You can also disable a usb port entirely after the backup, but I don't think it's a clean solution, at last not to be automated. With a molex with power control, you still need to make sure that the drive interface supports hot-plugs, afaik, not all the SATA interfaces support this.


----------



## mer (May 25, 2021)

Snapshots are useful for ZFS backups.  There are ports that can be configured to do snapshots on whatever interval you want, once you do that, zfs send/receive the snapshots to an external USB drive that has been configured as a zpool.
Power control is common as long as the device is port powered.


----------



## zirias@ (May 25, 2021)

Alain De Vos said:


> I'm planning of editing crontab to do some zfs backups.


IMHO, a backup should be kept in a different (physical) place.
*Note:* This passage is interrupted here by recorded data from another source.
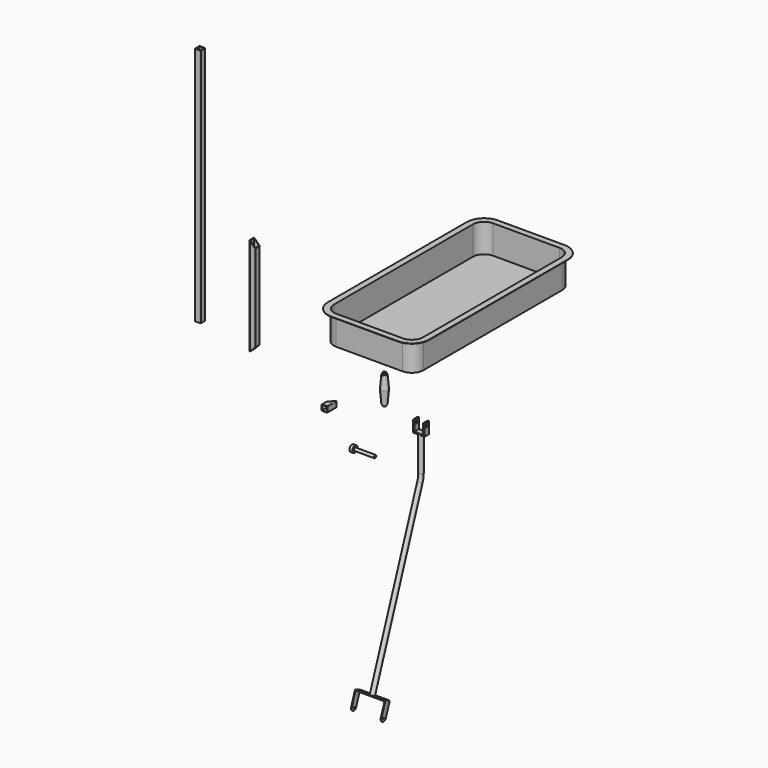
from build123d import *

# Parameters (mm, degrees)
F1_DEPTH  = 1054.1
F3_DEPTH  = 431.8
F5_DEPTH  = 50.8
F7_DEPTH  = 25.4
F9_DEPTH  = 25.4
F13_DEPTH = 127
F14_T     = -1.524
F16_DEPTH = 1.524
F18_DEPTH = 25.4
F19_R     = 9.525
F23_R     = 6.35
F24_DEPTH = 50.8
F25_W     = 127
F25_H     = 25.4
F25_R     = 9.525
F26_DEPTH = 3.175
F28_DEPTH = 25.4
F29_R     = 3.175
F30_DEPTH = 133.35
F31_R     = 12.69999


# Not quite as in the source:
# - a fillet or chamfer is up to 0.001 mm smaller than in the source, because OpenCascade refuses the exact size


with BuildPart() as f1:
    # F0 (on Top) → F1 (new body)
    with BuildSketch(Plane.XY):
        with BuildLine():
            ThreePointArc((-1008.6002467976, 278.8412709408), (-1007.9306928994, 277.224824839), (-1006.3142467976, 276.5552709408))
            Line((-1006.3142467976, 276.5552709408), (-985.4862467976, 276.5552709408))
            ThreePointArc((-985.4862467976, 276.5552709408), (-983.8698006958, 277.224824839), (-983.2002467976, 278.8412709408))
            Line((-983.2002467976, 278.8412709408), (-983.2002467976, 299.6692709408))
            ThreePointArc((-983.2002467976, 299.6692709408), (-983.8698006958, 301.2857170426), (-985.4862467976, 301.9552709408))
            Line((-985.4862467976, 301.9552709408), (-1006.3142467976, 301.9552709408))
            ThreePointArc((-1006.3142467976, 301.9552709408), (-1007.9306928994, 301.2857170426), (-1008.6002467976, 299.6692709408))
            Line((-1008.6002467976, 299.6692709408), (-1008.6002467976, 278.8412709408))
        make_face()
        with BuildLine():
            ThreePointArc((-1006.5682467976, 299.6692709408), (-1006.49385192, 299.8488760632), (-1006.3142467976, 299.9232709408))
            Line((-1006.3142467976, 299.9232709408), (-985.4862467976, 299.9232709408))
            ThreePointArc((-985.4862467976, 299.9232709408), (-985.3066416751, 299.8488760632), (-985.2322467976, 299.6692709408))
            Line((-985.2322467976, 299.6692709408), (-985.2322467976, 278.8412709408))
            ThreePointArc((-985.2322467976, 278.8412709408), (-985.3066416751, 278.6616658184), (-985.4862467976, 278.5872709408))
            Line((-985.4862467976, 278.5872709408), (-1006.3142467976, 278.5872709408))
            ThreePointArc((-1006.3142467976, 278.5872709408), (-1006.49385192, 278.6616658184), (-1006.5682467976, 278.8412709408))
            Line((-1006.5682467976, 278.8412709408), (-1006.5682467976, 299.6692709408))
        make_face(mode=Mode.SUBTRACT)
    extrude(amount=F1_DEPTH)


with BuildPart() as f3:
    # F2 (on Top) → F3 (new body)
    with BuildSketch(Plane.XY):
        with BuildLine():
            ThreePointArc((-720.8398963928, 218.5947193251), (-720.1703424946, 216.9782732233), (-718.5538963928, 216.3087193251))
            Line((-718.5538963928, 216.3087193251), (-697.7258963928, 216.3087193251))
            ThreePointArc((-697.7258963928, 216.3087193251), (-696.109450291, 216.9782732233), (-695.4398963928, 218.5947193251))
            Line((-695.4398963928, 218.5947193251), (-695.4398963928, 239.4227193251))
            ThreePointArc((-695.4398963928, 239.4227193251), (-696.109450291, 241.0391654269), (-697.7258963928, 241.7087193251))
            Line((-697.7258963928, 241.7087193251), (-718.5538963928, 241.7087193251))
            ThreePointArc((-718.5538963928, 241.7087193251), (-720.1703424946, 241.0391654269), (-720.8398963928, 239.4227193251))
            Line((-720.8398963928, 239.4227193251), (-720.8398963928, 218.5947193251))
        make_face()
        with BuildLine():
            ThreePointArc((-718.8078963928, 239.4227193251), (-718.7335015152, 239.6023244475), (-718.5538963928, 239.6767193251))
            Line((-718.5538963928, 239.6767193251), (-697.7258963928, 239.6767193251))
            ThreePointArc((-697.7258963928, 239.6767193251), (-697.5462912704, 239.6023244475), (-697.4718963928, 239.4227193251))
            Line((-697.4718963928, 239.4227193251), (-697.4718963928, 218.5947193251))
            ThreePointArc((-697.4718963928, 218.5947193251), (-697.5462912704, 218.4151142026), (-697.7258963928, 218.3407193251))
            Line((-697.7258963928, 218.3407193251), (-718.5538963928, 218.3407193251))
            ThreePointArc((-718.5538963928, 218.3407193251), (-718.7335015152, 218.4151142026), (-718.8078963928, 218.5947193251))
            Line((-718.8078963928, 218.5947193251), (-718.8078963928, 239.4227193251))
        make_face(mode=Mode.SUBTRACT)
    extrude(amount=F3_DEPTH)

    # F8 (on face) → F9 (cut, through all)
    with BuildSketch(Plane(origin=(0, 241.7087193251, 0), x_dir=(-1, 0, 0), z_dir=(0, 1, 0))):
        Polygon((695.4398963928, 431.8), (695.4398963928, 406.4), (697.7258963928, 408.686), (697.7258963928, 431.8), align=None)
        Polygon((697.7258963928, 431.8), (697.7258963928, 408.686), (718.5538963928, 429.514), (718.5538963928, 431.8), align=None)
        Polygon((718.5538963928, 431.8), (718.5538963928, 429.514), (720.8398963928, 431.8), align=None)
        Polygon((718.5538963928, 2.286), (697.7258963928, 23.114), (697.7258963928, 0), (718.5538963928, 0), align=None)
        Polygon((720.8398963928, 0), (718.5538963928, 2.286), (718.5538963928, 0), align=None)
        Polygon((697.7258963928, 0), (697.7258963928, 23.114), (695.4398963928, 25.4), (695.4398963928, 0), align=None)
    extrude(amount=-F9_DEPTH, mode=Mode.SUBTRACT)


with BuildPart() as f5:
    # F4 (on Front) → F5 (new body)
    with BuildSketch(Plane.XZ):
        with BuildLine():
            ThreePointArc((-190.3155680418, 55.463430141), (-189.6460141436, 53.8469840392), (-188.0295680418, 53.177430141))
            Line((-188.0295680418, 53.177430141), (-167.2015680418, 53.177430141))
            ThreePointArc((-167.2015680418, 53.177430141), (-165.58512194, 53.8469840392), (-164.9155680418, 55.463430141))
            Line((-164.9155680418, 55.463430141), (-164.9155680418, 76.291430141))
            ThreePointArc((-164.9155680418, 76.291430141), (-165.58512194, 77.9078762428), (-167.2015680418, 78.577430141))
            Line((-167.2015680418, 78.577430141), (-188.0295680418, 78.577430141))
            ThreePointArc((-188.0295680418, 78.577430141), (-189.6460141436, 77.9078762428), (-190.3155680418, 76.291430141))
            Line((-190.3155680418, 76.291430141), (-190.3155680418, 55.463430141))
        make_face()
        with BuildLine():
            ThreePointArc((-188.2835680418, 76.291430141), (-188.2091731642, 76.4710352634), (-188.0295680418, 76.545430141))
            Line((-188.0295680418, 76.545430141), (-167.2015680418, 76.545430141))
            ThreePointArc((-167.2015680418, 76.545430141), (-167.0219629194, 76.4710352634), (-166.9475680418, 76.291430141))
            Line((-166.9475680418, 76.291430141), (-166.9475680418, 55.463430141))
            ThreePointArc((-166.9475680418, 55.463430141), (-167.0219629194, 55.2838250186), (-167.2015680418, 55.209430141))
            Line((-167.2015680418, 55.209430141), (-188.0295680418, 55.209430141))
            ThreePointArc((-188.0295680418, 55.209430141), (-188.2091731642, 55.2838250186), (-188.2835680418, 55.463430141))
            Line((-188.2835680418, 55.463430141), (-188.2835680418, 76.291430141))
        make_face(mode=Mode.SUBTRACT)
    extrude(amount=F5_DEPTH)

    # F6 (on face) → F7 (cut, through all)
    with BuildSketch(Plane.XY.offset(78.577430141)):
        Polygon((-188.0295680418, 0), (-190.3155680418, 0), (-190.3155680418, -25.4), (-188.0295680418, -23.114), align=None)
        Polygon((-167.2015680418, 0), (-188.0295680418, 0), (-188.0295680418, -23.114), (-167.2015680418, -2.286), align=None)
        Polygon((-164.9155680418, 0), (-167.2015680418, 0), (-167.2015680418, -2.286), align=None)
    extrude(amount=-F7_DEPTH, mode=Mode.SUBTRACT)


with BuildPart() as f11:
    # F10 (on Top) → F11 (revolve)
    with BuildSketch(Plane.XY):
        Polygon((102.1386031211, -128.7457447313), (102.1386031211, -122.3957447313), (0.5386031211, -122.3957447313), (0.5386031211, -136.6832447313), (13.2386031211, -136.6832447313), (13.2386031211, -128.7457447313), align=None)
    revolve(axis=Axis((51.3386031211, -122.3957447313, 0), (-1, 0, 0)))


with BuildPart() as f13:
    # F12 (on Top) → F13 (new body)
    with BuildSketch(Plane.XY):
        with BuildLine():
            Line((-220.3151675584, 1294.6406504526), (-512.4151675584, 1294.6406504526))
            ThreePointArc((-512.4151675584, 1294.6406504526), (-548.3361920427, 1279.7616749369), (-563.2151675584, 1243.8406504526))
            Line((-563.2151675584, 1243.8406504526), (-563.2151675584, 481.8406504526))
            ThreePointArc((-563.2151675584, 481.8406504526), (-548.3361920427, 445.9196259683), (-512.4151675584, 431.0406504526))
            Line((-512.4151675584, 431.0406504526), (-220.3151675584, 431.0406504526))
            ThreePointArc((-220.3151675584, 431.0406504526), (-184.3941430741, 445.9196259683), (-169.5151675584, 481.8406504526))
            Line((-169.5151675584, 481.8406504526), (-169.5151675584, 1243.8406504526))
            ThreePointArc((-169.5151675584, 1243.8406504526), (-184.3941430741, 1279.7616749369), (-220.3151675584, 1294.6406504526))
        make_face()
    extrude(amount=F13_DEPTH)

    # F14
    f14_openings = [f13.faces().sort_by_distance(p)[0] for p in [
        (-366.365168, 862.84065, 127),
    ]]
    offset(amount=F14_T, openings=f14_openings)

    # F15 (on face) → F16 (join)
    with BuildSketch(Plane.XY.offset(127)):
        with BuildLine():
            Line((-220.3151675584, 1320.0406504526), (-512.4151675584, 1320.0406504526))
            ThreePointArc((-512.4151675584, 1320.0406504526), (-566.2967042848, 1297.722187179), (-588.6151675584, 1243.8406504526))
            Line((-588.6151675584, 1243.8406504526), (-588.6151675584, 481.8406504526))
            ThreePointArc((-588.6151675584, 481.8406504526), (-566.2967042848, 427.9591137262), (-512.4151675584, 405.6406504526))
            Line((-512.4151675584, 405.6406504526), (-220.3151675584, 405.6406504526))
            ThreePointArc((-220.3151675584, 405.6406504526), (-166.433630832, 427.9591137262), (-144.1151675584, 481.8406504526))
            Line((-144.1151675584, 481.8406504526), (-144.1151675584, 1243.8406504526))
            ThreePointArc((-144.1151675584, 1243.8406504526), (-166.433630832, 1297.722187179), (-220.3151675584, 1320.0406504526))
        make_face()
        with BuildLine():
            Line((-563.2151675584, 481.8406504526), (-563.2151675584, 1243.8406504526))
            ThreePointArc((-563.2151675584, 1243.8406504526), (-548.3361920427, 1279.7616749369), (-512.4151675584, 1294.6406504526))
            Line((-512.4151675584, 1294.6406504526), (-220.3151675584, 1294.6406504526))
            ThreePointArc((-220.3151675584, 1294.6406504526), (-184.3941430741, 1279.7616749369), (-169.5151675584, 1243.8406504526))
            Line((-169.5151675584, 1243.8406504526), (-169.5151675584, 481.8406504526))
            ThreePointArc((-169.5151675584, 481.8406504526), (-184.3941430741, 445.9196259683), (-220.3151675584, 431.0406504526))
            Line((-220.3151675584, 431.0406504526), (-512.4151675584, 431.0406504526))
            ThreePointArc((-512.4151675584, 431.0406504526), (-548.3361920427, 445.9196259683), (-563.2151675584, 481.8406504526))
        make_face(mode=Mode.SUBTRACT)
    extrude(amount=-F16_DEPTH)


with BuildPart() as f18:
    # F17 (on Front) → F18 (new body)
    with BuildSketch(Plane.XZ):
        Polygon((196.633880581, 133.0408798925), (190.283880581, 133.0408798925), (190.283880581, 82.2408798925), (241.083880581, 82.2408798925), (241.083880581, 133.0408798925), (234.733880581, 133.0408798925), (234.733880581, 87.9394591683), (196.633880581, 87.9394591683), align=None)
    extrude(amount=F18_DEPTH)

    # F22: sweep along a path in F21
    with BuildLine(Plane.YZ.offset(215.683880581)) as f22_path:
        Line((-12.7, 82.2408798925), (-12.7, -70.1591201075))
        ThreePointArc((-12.7, -70.1591201075), (-14.243532294, -87.8017749585), (-18.8272297282, -104.9083666694))
        Line((-18.8272297282, -104.9083666694), (-279.4465789423, -820.9541437083))
    # F19 (on face) → F22 (sweep)
    with BuildSketch(Plane(origin=(0, 0, 82.2408798925), x_dir=(1, 0, 0), z_dir=(0, 0, -1))):
        with Locations((215.683880581, 12.7)):
            Circle(F19_R)
    sweep(path=f22_path.line)

    # F23 (on face) → F24 (cut, through all)
    with BuildSketch(Plane.YZ.offset(241.083880581)):
        with Locations((-12.7, 120.3408798925)):
            Circle(F23_R)
    extrude(amount=-F24_DEPTH, mode=Mode.SUBTRACT)

    # F25 (on face) → F26 (join)
    with BuildSketch(Plane(origin=(0, -296.5386158457, -814.7331510325), x_dir=(1, 0, 0), z_dir=(0, -0.3420201433, -0.9396926208))):
        with Locations((215.683880581, -18.188965759)):
            Rectangle(F25_W, F25_H)
        with Locations((215.683880581, -18.188965759)):
            Circle(F25_R, mode=Mode.SUBTRACT)
        with Locations((215.683880581, -18.188965759)):
            Circle(F25_R)
    extrude(amount=F26_DEPTH)

    # F27 (on face) → F28 (join, through all)
    with BuildSketch(Plane(origin=(0, 5.1579406194, -1.8773368556), x_dir=(1, 0, 0), z_dir=(0, -0.9396926208, 0.3420201433))):
        Polygon((152.183880581, -870.195909828), (152.183880581, -867.020909828), (149.008880581, -867.020909828), (149.008880581, -943.220909828), (152.183880581, -943.220909828), align=None)
        Polygon((282.358880581, -867.020909828), (279.183880581, -867.020909828), (279.183880581, -870.195909828), (279.183880581, -943.220909828), (282.358880581, -943.220909828), align=None)
    extrude(amount=-F28_DEPTH)

    # F29 (on face) → F30 (cut, through all)
    with BuildSketch(Plane.YZ.offset(282.358880581)):
        with Locations((-301.1648580435, -880.6246251282)):
            Circle(F29_R)
    extrude(amount=-F30_DEPTH, mode=Mode.SUBTRACT)

    # F31 (radius 12.7 in the source; OpenCascade refuses exactly that, so slightly less here)
    f31_edges = [f18.edges().sort_by_distance(p)[0] for p in [
        (280.771381, -293.574418, -896.902377),
        (280.771381, -317.44261, -888.215066),
        (150.596381, -293.574418, -896.902377),
        (150.596381, -317.44261, -888.215066),
    ]]
    fillet(f31_edges, radius=F31_R)


with BuildPart() as f33:
    # F32 (on Front) → F33 (revolve)
    with BuildSketch(Plane.XZ):
        Polygon((60.973200519, 193.168364866), (55.9732233985, 250.318364866), (52.7982233985, 250.318364866), (52.7982233985, 256.668364866), (45.1782233985, 256.668364866), (45.1782233985, 129.668364866), (52.7982233985, 129.668364866), (52.7982233985, 136.018364866), (55.9732233985, 136.018364866), align=None)
    revolve(axis=Axis((45.1782233985, 0, 193.168364866), (0, 0, 1)))


solid = Compound([f1.part, f3.part, f5.part, f11.part, f13.part, f18.part, f33.part])
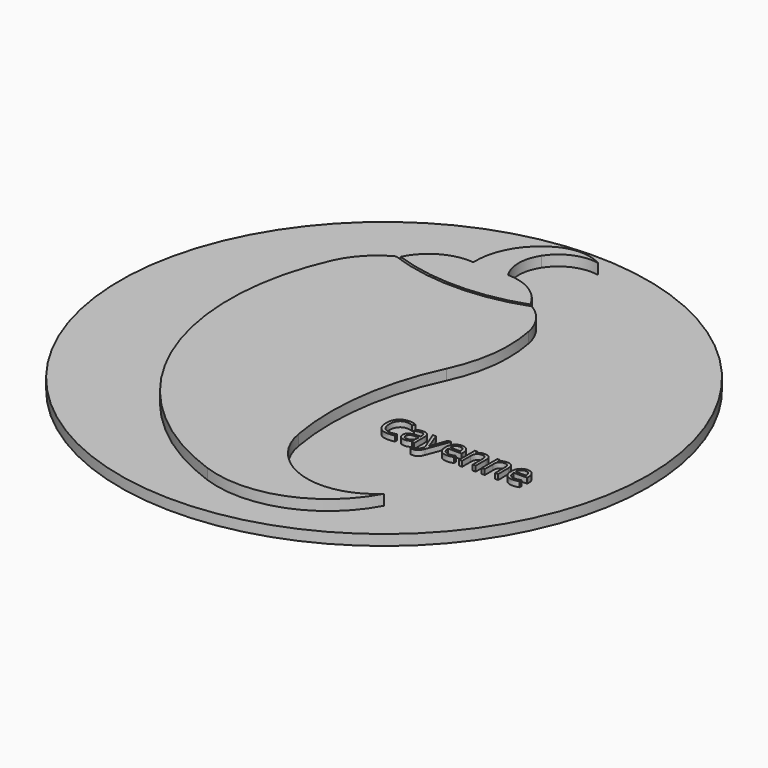
from build123d import *

# Parameters (mm, degrees)
F0_R         = 12.7
F1_DEPTH     = 0.508
F3_DEPTH     = 0.508
F5_DEPTH     = 0.508
F7_DEPTH     = 0.508
F8_TEXT_SIZE = 1.7638888889
F9_DEPTH     = 0.254


# Not quite as in the source:
# - Text() gives the source's letters only with a copy of the font that has no kerning and outlines rounded to 1/6400 em; it was checked with that copy


with BuildPart() as f1:
    # F0 (on Top) → F1 (new body)
    with BuildSketch(Plane.XY):
        Circle(F0_R)
    extrude(amount=F1_DEPTH)

    # F2 (on face) → F3 (join)
    with BuildSketch(Plane.XY.offset(0.508)):
        with BuildLine():
            ThreePointArc((-6.8939032355, 5.4748712447), (-6.9638355074, -4.0821123419), (0, -10.6277842571))
            ThreePointArc((0, -10.6277842571), (3.7105954478, -10.5808262174), (6.4925869183, -8.1249664713))
            ThreePointArc((6.4925869183, -8.1249664713), (3.1786973797, -8.8900199222), (0.9471852266, -6.3234026606))
            ThreePointArc((0.9471852266, -6.3234026606), (0.8663243967, -2.4307376781), (1.9685540187, 1.3034916936))
            ThreePointArc((1.9685540187, 1.3034916936), (2.5739515935, 3.3996371568), (2.4903307674, 5.579852647))
            ThreePointArc((2.4903307674, 5.579852647), (1.6096543537, 7.0448442334), (0, 7.62))
            Line((0, 7.62), (-4.064, 7.62))
            ThreePointArc((-4.064, 7.62), (-5.7545562324, 6.9110195745), (-6.8939032355, 5.4748712447))
        make_face()
    extrude(amount=F3_DEPTH)

    # F4 (on face) → F5 (join)
    with BuildSketch(Plane.XY.offset(1.016)):
        with BuildLine():
            ThreePointArc((-1.044166275, 11.5734093063), (-2.2597485424, 10.3603628917), (-2.6533177588, 8.6887693033))
            ThreePointArc((-2.6533177588, 8.6887693033), (-4.0740091472, 8.3853654003), (-5.0654162118, 7.3235132535))
            ThreePointArc((-5.0654162118, 7.3235132535), (-1.9497780392, 7.0385508074), (1.1645689099, 7.3372946759))
            ThreePointArc((1.1645689099, 7.3372946759), (0.2811255283, 8.317358048), (-0.9849906201, 8.6887693033))
            ThreePointArc((-0.9849906201, 8.6887693033), (-1.2837607801, 9.6978377551), (-0.9849906201, 10.7069062069))
            ThreePointArc((-0.9849906201, 10.7069062069), (-0.1099093619, 11.4451703345), (1.0277882677, 11.5734093063))
            ThreePointArc((1.0277882677, 11.5734093063), (-0.0081890037, 11.841665302), (-1.044166275, 11.5734093063))
        make_face()
    extrude(amount=-F5_DEPTH)

    # F6 (on face) → F7 (cut)
    with BuildSketch(Plane.XY.offset(1.016)):
        with BuildLine():
            ThreePointArc((1.1645689099, 7.3372946759), (-1.9492484598, 6.7991508831), (-5.0654162118, 7.3235132535))
            ThreePointArc((-5.0654162118, 7.3235132535), (-5.1457057191, 7.2855015459), (-5.2250551064, 7.2455644749))
            ThreePointArc((-5.2250551064, 7.2455644749), (-1.9559401597, 6.6721383217), (1.3114630436, 7.255238995))
            ThreePointArc((1.3114630436, 7.255238995), (1.2386956214, 7.2974835191), (1.1645689099, 7.3372946759))
        make_face()
    extrude(amount=-F7_DEPTH, mode=Mode.SUBTRACT)

    # F8 (on face) → F9 (join)
    with BuildSketch(Plane.XY.offset(0.508)):
        with Locations((2.54, -3.81)):
            Text('Cayenne', F8_TEXT_SIZE, font='Open Sans', text_align=(TextAlign.LEFT, TextAlign.BOTTOM))
    extrude(amount=F9_DEPTH)


solid = f1.part
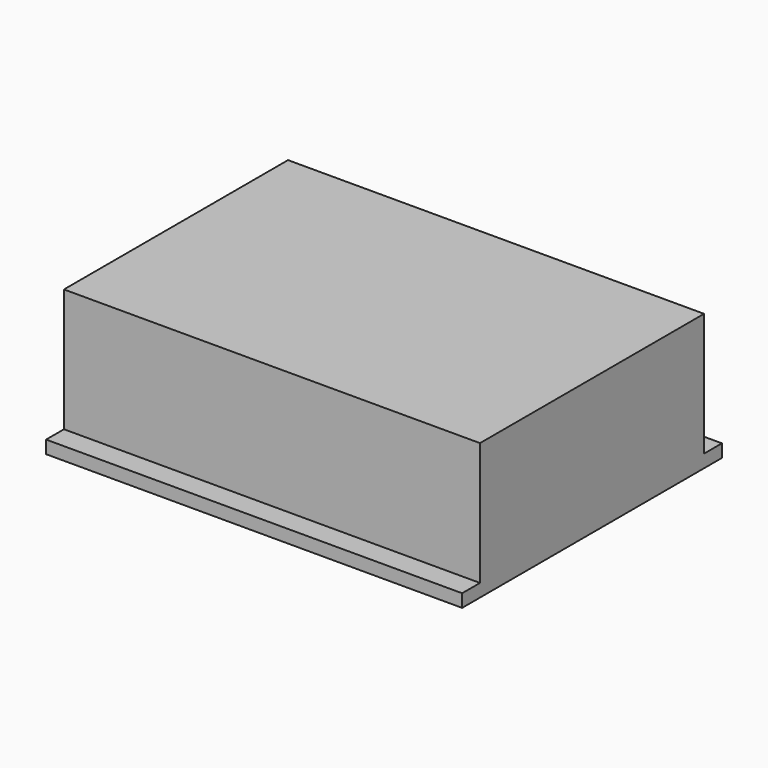
from build123d import *

# Parameters (mm, degrees)
F0_W     = 205
F0_H     = 138
F1_DEPTH = 67
F2_W     = 205
F2_H     = 6.35
F3_DEPTH = 11


# Not quite as in the source:
# - a pattern or mirror of a feature is missing from the dataset's text; its kind, count and spacing are read off the source's solid


with BuildPart() as f1:
    # F0 (on Top) → F1 (new body)
    with BuildSketch(Plane.XY):
        Rectangle(F0_W, F0_H)
    extrude(amount=F1_DEPTH)

    # F2 (on face) → F3 (join)
    with BuildSketch(Plane.XZ.offset(69)):
        with Locations((0, 3.175)):
            Rectangle(F2_W, F2_H)
    f3 = extrude(amount=F3_DEPTH)

    # F3_copies: F3 across plane
    add(f3.mirror(Plane.ZX))


solid = f1.part

So, cron would only be an option if you do it over the network.

ZFS snapshots already support "incremental" backups. There are lots of tools for that purpose around, or you just use some script based on `zfs send`/`zfs recv`.

I personally do these around once per month. For immediate protection, you'd have some redundancy in your pool. How often you do it depends on how much data you're prepared to lose in the event of a "catastrophic" failure (like two bad disks at the same time in a raid-z pool, or, of course, a "really stupid"™ command issued as e.g. `root`).


----------



## Alain De Vos (May 25, 2021)

I've got something.
A full backup 15 minutes after booting.
An incremental backup 3 hours later , then 6 hours later, then 6 hours later.
Should be safe.


----------



## ccammack (May 25, 2021)

I've been using large removable drives as ZFS backup destinations for a year or so and it works pretty well. Swapping the drives takes about 15 seconds and the backup process automatically restarts when the next drive is inserted.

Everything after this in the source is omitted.